Bawn, Castletown, Co. Laois
In the countryside near Castletown, County Laois, a solitary gable wall rises from the landscape, the last remnant of what was once known as Cody's Castle.
Bawn, Castletown, Co. Laois
This tower house, formally catalogued as LA028-042, stood in remarkably good condition as recently as 1800, but the intervening centuries have not been kind to this medieval stronghold. Today, only the southeast gable survives, standing some 30 to 40 feet high with walls that measure an impressive eleven feet thick at ground level; a testament to the substantial construction methods employed by its original builders.
The castle once commanded a raised defensive position within a bawn, a fortified enclosure typical of Irish tower houses. Though the protective wall that formed this bawn has largely crumbled away, keen observers can still trace its foundations to the west of the surviving gable, designated as LA028-0420010 in archaeological records. William Carrigan, writing in his comprehensive history of Ossory in 1905, noted that even by his time, most of the structure had already been destroyed, lamenting the loss of what had been an almost perfectly preserved castle just a century earlier.

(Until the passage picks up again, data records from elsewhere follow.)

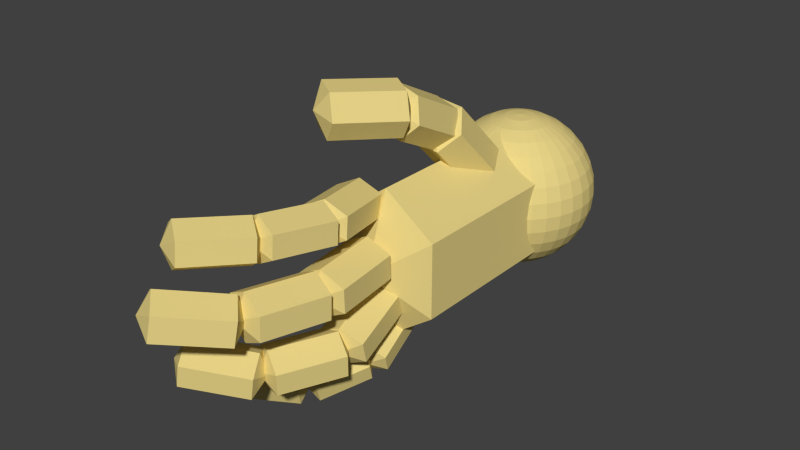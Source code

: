 # Source: hand_left_open_solid.blend  (saved by Blender 2.78.0; exported with 4.5.12 LTS)
import bpy
from mathutils import Matrix  # noqa: F401  (used for matrix-valued properties, if any)

bpy.ops.wm.read_factory_settings(use_empty=True)
scene = bpy.context.scene
scene.name = 'Scene'

# ---- collections
col_collection_11 = bpy.data.collections.new('Collection 11'); scene.collection.children.link(col_collection_11)

# ---- materials (node trees are filled in below, after node groups)
mat_skin_color = bpy.data.materials.new('skin color')
mat_skin_color.alpha_threshold = 0.0
mat_skin_color.diffuse_color = (0.8, 0.6264, 0.3993, 1.0)
mat_skin_color.roughness = 0.5

# ---- material node trees
mat_skin_color.use_nodes = True; mat_skin_color.node_tree.nodes.clear()
_N = mat_skin_color.node_tree.nodes; _L = mat_skin_color.node_tree.links
n0 = _N.new('ShaderNodeOutputMaterial'); n0.name = 'Material Output'; n0.location = (300, 300)
n1 = _N.new('ShaderNodeBsdfDiffuse'); n1.name = 'Diffuse BSDF'; n1.location = (10, 300)
n1.inputs[0].default_value = (0.8, 0.6534, 0.2428, 1.0)
_L.new(n1.outputs[0], n0.inputs[0])
n0.is_active_output = True

# ---- world
world_world = bpy.data.worlds.new('World'); scene.world = world_world
world_world.color = (0.05088, 0.05088, 0.05088)
world_world.use_sun_shadow = False
world_world.sun_shadow_jitter_overblur = 0.0
world_world.cycles.sampling_method = 'NONE'
world_world.cycles.sample_map_resolution = 256

# ---- meshes
me_cylinder_026 = bpy.data.meshes.new('Cylinder.026')
me_cylinder_026.from_pydata([(0.04949, 1.076, -2.05), (0.09709, 1.017, -2.474), (0.1409, 0.9201, -2.865), (0.1794, 0.7904, -3.207), (0.2109, 0.6323, -3.488), (0.2344, 0.4519, -3.697), (0.2488, 0.2563, -3.826), (0.2537, 0.05274, -3.869), (0.2488, -0.1508, -3.826), (0.2344, -0.3465, -3.697), (0.2109, -0.5268, -3.488), (0.1794, -0.6849, -3.207), (0.1409, -0.8146, -2.865), (0.09709, -0.911, -2.474), (0.04949, -0.9704, -2.05), (0.09709, 1.076, -2.025), (0.1904, 1.017, -2.424), (0.2765, 0.9201, -2.792), (0.3519, 0.7904, -3.115), (0.4138, 0.6323, -3.379), (0.4598, 0.4519, -3.576), (0.4881, 0.2563, -3.697), (0.4976, 0.05274, -3.738), (0.4881, -0.1508, -3.697), (0.4598, -0.3465, -3.576), (0.4138, -0.5268, -3.379), (0.3519, -0.6849, -3.115), (0.2765, -0.8146, -2.792), (0.1904, -0.911, -2.424), (0.09709, -0.9704, -2.025), (0.1409, 1.076, -1.983), (0.2765, 1.017, -2.342), (0.4014, 0.9201, -2.674), (0.5109, 0.7904, -2.964), (0.6007, 0.6323, -3.202), (0.6675, 0.4519, -3.379), (0.7086, 0.2563, -3.488), (0.7225, 0.05274, -3.525), (0.7086, -0.1508, -3.488), (0.6675, -0.3465, -3.379), (0.6007, -0.5268, -3.202), (0.5109, -0.6849, -2.964), (0.4014, -0.8146, -2.674), (0.2765, -0.911, -2.342), (0.1409, -0.9704, -1.983), (0.1794, 1.076, -1.927), (0.3519, 1.017, -2.233), (0.5109, 0.9201, -2.514), (0.6502, 0.7904, -2.761), (0.7646, 0.6323, -2.964), (0.8495, 0.4519, -3.115), (0.9019, 0.2563, -3.207), (0.9195, 0.05274, -3.239), (0.9019, -0.1508, -3.207), (0.8495, -0.3465, -3.115), (0.7646, -0.5268, -2.964), (0.6502, -0.6849, -2.761), (0.5109, -0.8146, -2.514), (0.3519, -0.911, -2.233), (0.1794, -0.9704, -1.927), (0.2109, 1.076, -1.859), (0.4138, 1.017, -2.099), (0.6007, 0.9201, -2.32), (0.7646, 0.7904, -2.514), (0.899, 0.6323, -2.674), (0.999, 0.4519, -2.792), (1.06, 0.2563, -2.865), (1.081, 0.05274, -2.889), (1.06, -0.1508, -2.865), (0.999, -0.3465, -2.792), (0.899, -0.5268, -2.674), (0.7646, -0.6849, -2.514), (0.6007, -0.8146, -2.32), (0.4138, -0.911, -2.099), (0.2109, -0.9704, -1.859), (0.2344, 1.076, -1.781), (0.4598, 1.017, -1.947), (0.6675, 0.9201, -2.099), (0.8495, 0.7904, -2.233), (0.999, 0.6323, -2.342), (1.11, 0.4519, -2.424), (1.178, 0.2563, -2.474), (1.201, 0.05274, -2.491), (1.178, -0.1508, -2.474), (1.11, -0.3465, -2.424), (0.999, -0.5268, -2.342), (0.8495, -0.6849, -2.233), (0.6675, -0.8146, -2.099), (0.4598, -0.911, -1.947), (0.2344, -0.9704, -1.781), (0.2488, 1.076, -1.697), (0.4881, 1.017, -1.781), (0.7086, 0.9201, -1.859), (0.9019, 0.7904, -1.927), (1.06, 0.6323, -1.983), (1.178, 0.4519, -2.025), (1.251, 0.2563, -2.05), (1.275, 0.05274, -2.059), (1.251, -0.1508, -2.05), (1.178, -0.3465, -2.025), (1.06, -0.5268, -1.983), (0.9019, -0.6849, -1.927), (0.7086, -0.8146, -1.859), (0.4881, -0.911, -1.781), (0.2488, -0.9704, -1.697), (0.2537, 1.076, -1.609), (0.4976, 1.017, -1.609), (0.7225, 0.9201, -1.609), (0.9195, 0.7904, -1.609), (1.081, 0.6323, -1.609), (1.201, 0.4519, -1.609), (1.275, 0.2563, -1.609), (1.3, 0.05274, -1.609), (1.275, -0.1508, -1.609), (1.201, -0.3465, -1.609), (1.081, -0.5268, -1.609), (0.9195, -0.6849, -1.609), (0.7225, -0.8146, -1.609), (0.4976, -0.911, -1.609), (0.2537, -0.9704, -1.609), (0.2488, 1.076, -1.522), (0.4881, 1.017, -1.437), (0.7086, 0.9201, -1.359), (0.9019, 0.7904, -1.291), (1.06, 0.6323, -1.235), (1.178, 0.4519, -1.194), (1.251, 0.2563, -1.168), (1.275, 0.05274, -1.16), (1.251, -0.1508, -1.168), (1.178, -0.3465, -1.194), (1.06, -0.5268, -1.235), (0.9019, -0.6849, -1.291), (0.7086, -0.8146, -1.359), (0.4881, -0.911, -1.437), (0.2488, -0.9704, -1.522), (0.2344, 1.076, -1.437), (0.4598, 1.017, -1.272), (0.6675, 0.9201, -1.119), (0.8495, 0.7904, -0.9857), (0.999, 0.6323, -0.876), (1.11, 0.4519, -0.7946), (1.178, 0.2563, -0.7444), (1.201, 0.05274, -0.7274), (1.178, -0.1508, -0.7444), (1.11, -0.3465, -0.7946), (0.999, -0.5268, -0.876), (0.8495, -0.6849, -0.9857), (0.6675, -0.8146, -1.119), (0.4598, -0.911, -1.272), (0.2344, -0.9704, -1.437), (0.2109, 1.076, -1.359), (0.4138, 1.017, -1.119), (0.6007, 0.9201, -0.898), (0.7646, 0.7904, -0.704), (0.899, 0.6323, -0.5448), (0.999, 0.4519, -0.4265), (1.06, 0.2563, -0.3536), (1.081, 0.05274, -0.3291), (1.06, -0.1508, -0.3536), (0.999, -0.3465, -0.4265), (0.899, -0.5268, -0.5448), (0.7646, -0.6849, -0.704), (0.6007, -0.8146, -0.898), (0.4138, -0.911, -1.119), (0.2109, -0.9704, -1.359), (0.1794, 1.076, -1.291), (0.3519, 1.017, -0.9857), (0.5109, 0.9201, -0.704), (0.6502, 0.7904, -0.4571), (0.7646, 0.6323, -0.2545), (0.8495, 0.4519, -0.1039), (0.9019, 0.2563, -0.01118), (0.9195, 0.05274, 0.02013), (0.9019, -0.1508, -0.01118), (0.8495, -0.3465, -0.1039), (0.7646, -0.5268, -0.2545), (0.6502, -0.6849, -0.4571), (0.5109, -0.8146, -0.704), (0.3519, -0.911, -0.9857), (0.1794, -0.9704, -1.291), (0.1409, 1.076, -1.235), (0.2765, 1.017, -0.876), (0.4014, 0.9201, -0.5448), (0.5109, 0.7904, -0.2545), (0.6007, 0.6323, -0.0162), (0.6675, 0.4519, 0.1609), (0.7086, 0.2563, 0.2699), (0.7225, 0.05274, 0.3067), (0.7086, -0.1508, 0.2699), (0.6675, -0.3465, 0.1609), (0.6007, -0.5268, -0.0162), (0.5109, -0.6849, -0.2545), (0.4014, -0.8146, -0.5448), (0.2765, -0.911, -0.876), (0.1409, -0.9704, -1.235), (0.09709, 1.076, -1.194), (0.1904, 1.017, -0.7946), (0.2765, 0.9201, -0.4265), (0.3519, 0.7904, -0.1039), (0.4138, 0.6323, 0.1609), (0.4598, 0.4519, 0.3576), (0.4881, 0.2563, 0.4787), (0.4976, 0.05274, 0.5196), (0.4881, -0.1508, 0.4787), (0.4598, -0.3465, 0.3576), (0.4138, -0.5268, 0.1609), (0.3519, -0.6849, -0.1039), (0.2765, -0.8146, -0.4265), (0.1904, -0.911, -0.7946), (0.09709, -0.9704, -1.194), (0.04949, 1.076, -1.168), (0.09709, 1.017, -0.7444), (0.1409, 0.9201, -0.3536), (0.1794, 0.7904, -0.01118), (0.2109, 0.6323, 0.2699), (0.2344, 0.4519, 0.4787), (0.2488, 0.2563, 0.6073), (0.2537, 0.05274, 0.6508), (0.2488, -0.1508, 0.6073), (0.2344, -0.3465, 0.4787), (0.2109, -0.5268, 0.2699), (0.1794, -0.6849, -0.01118), (0.1409, -0.8146, -0.3536), (0.09709, -0.911, -0.7444), (0.04949, -0.9704, -1.168), (-9.379e-09, 1.076, -1.16), (5.36e-08, 1.017, -0.7274), (3.422e-08, 0.9201, -0.3291), (-3.36e-08, 0.7904, 0.02013), (-1.111e-07, 0.6323, 0.3067), (8.267e-08, 0.4519, 0.5196), (-1.111e-07, 0.2563, 0.6508), (-1.305e-07, 0.05274, 0.695), (-1.111e-07, -0.1508, 0.6508), (8.267e-08, -0.3465, 0.5196), (-1.111e-07, -0.5268, 0.3067), (-3.36e-08, -0.6849, 0.02013), (-1.422e-08, -0.8146, -0.3291), (5.155e-09, -0.911, -0.7274), (5.155e-09, -0.9704, -1.16), (-0.04949, 1.076, -1.168), (-0.09709, 1.017, -0.7444), (-0.1409, 0.9201, -0.3536), (-0.1794, 0.7904, -0.01118), (-0.2109, 0.6323, 0.2699), (-0.2344, 0.4519, 0.4787), (-0.2488, 0.2563, 0.6073), (-0.2537, 0.05274, 0.6508), (-0.2488, -0.1508, 0.6073), (-0.2344, -0.3465, 0.4787), (-0.2109, -0.5268, 0.2699), (-0.1794, -0.6849, -0.01118), (-0.1409, -0.8146, -0.3536), (-0.09709, -0.911, -0.7444), (-0.04949, -0.9704, -1.168), (-0.09709, 1.076, -1.194), (-0.1904, 1.017, -0.7946), (-0.2765, 0.9201, -0.4265), (-0.3519, 0.7904, -0.1039), (-0.4138, 0.6323, 0.1609), (-0.4598, 0.4519, 0.3576), (-0.4881, 0.2563, 0.4787), (-0.4976, 0.05274, 0.5196), (-0.4881, -0.1508, 0.4787), (-0.4598, -0.3465, 0.3576), (-0.4138, -0.5268, 0.1609), (-0.3519, -0.6849, -0.1039), (-0.2765, -0.8146, -0.4265), (-0.1904, -0.911, -0.7946), (-0.09709, -0.9704, -1.194), (-0.1409, 1.076, -1.235), (-0.2765, 1.017, -0.876), (-0.4014, 0.9201, -0.5448), (-0.5109, 0.7904, -0.2545), (-0.6007, 0.6323, -0.0162), (-0.6675, 0.4519, 0.1609), (-0.7086, 0.2563, 0.2699), (-0.7225, 0.05274, 0.3067), (-0.7086, -0.1508, 0.2699), (-0.6675, -0.3465, 0.1609), (-0.6007, -0.5268, -0.0162), (-0.5109, -0.6849, -0.2545), (-0.4014, -0.8146, -0.5448), (-0.2765, -0.911, -0.876), (-0.1409, -0.9704, -1.235), (-0.1794, 1.076, -1.291), (-0.3519, 1.017, -0.9857), (-0.5109, 0.9201, -0.704), (-0.6502, 0.7904, -0.4571), (-0.7646, 0.6323, -0.2545), (-0.8495, 0.4519, -0.1039), (-0.9019, 0.2563, -0.01118), (-0.9195, 0.05274, 0.02013), (-0.9019, -0.1508, -0.01118), (-0.8495, -0.3465, -0.1039), (-0.7646, -0.5268, -0.2545), (-0.6502, -0.6849, -0.4571), (-0.5109, -0.8146, -0.704), (-0.3519, -0.911, -0.9857), (-0.1794, -0.9704, -1.291), (-3.523e-07, 1.096, -1.609), (-0.2109, 1.076, -1.359), (-0.4138, 1.017, -1.119), (-0.6007, 0.9201, -0.898), (-0.7646, 0.7904, -0.704), (-0.899, 0.6323, -0.5448), (-0.999, 0.4519, -0.4265), (-1.06, 0.2563, -0.3537), (-1.081, 0.05274, -0.3291), (-1.06, -0.1508, -0.3537), (-0.999, -0.3465, -0.4265), (-0.899, -0.5268, -0.5448), (-0.7646, -0.6849, -0.704), (-0.6007, -0.8146, -0.898), (-0.4138, -0.911, -1.119), (-0.2109, -0.9704, -1.359), (-0.2344, 1.076, -1.437), (-0.4598, 1.017, -1.272), (-0.6675, 0.9201, -1.119), (-0.8495, 0.7904, -0.9857), (-0.999, 0.6323, -0.876), (-1.11, 0.4519, -0.7946), (-1.178, 0.2563, -0.7444), (-1.201, 0.05274, -0.7274), (-1.178, -0.1508, -0.7444), (-1.11, -0.3465, -0.7946), (-0.999, -0.5268, -0.876), (-0.8495, -0.6849, -0.9857), (-0.6675, -0.8146, -1.119), (-0.4598, -0.911, -1.272), (-0.2344, -0.9704, -1.437), (-0.2488, 1.076, -1.522), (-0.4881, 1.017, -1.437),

The site represents a common story across the Irish landscape, where once formidable defensive structures have gradually surrendered to time, weather, and human activity. The substantial thickness of the remaining walls hints at the castle’s former strength and importance, whilst the elevated position and evidence of the surrounding bawn suggest this was more than just a simple defensive tower; it was likely the centre of a small but significant local power base during Ireland’s turbulent medieval period.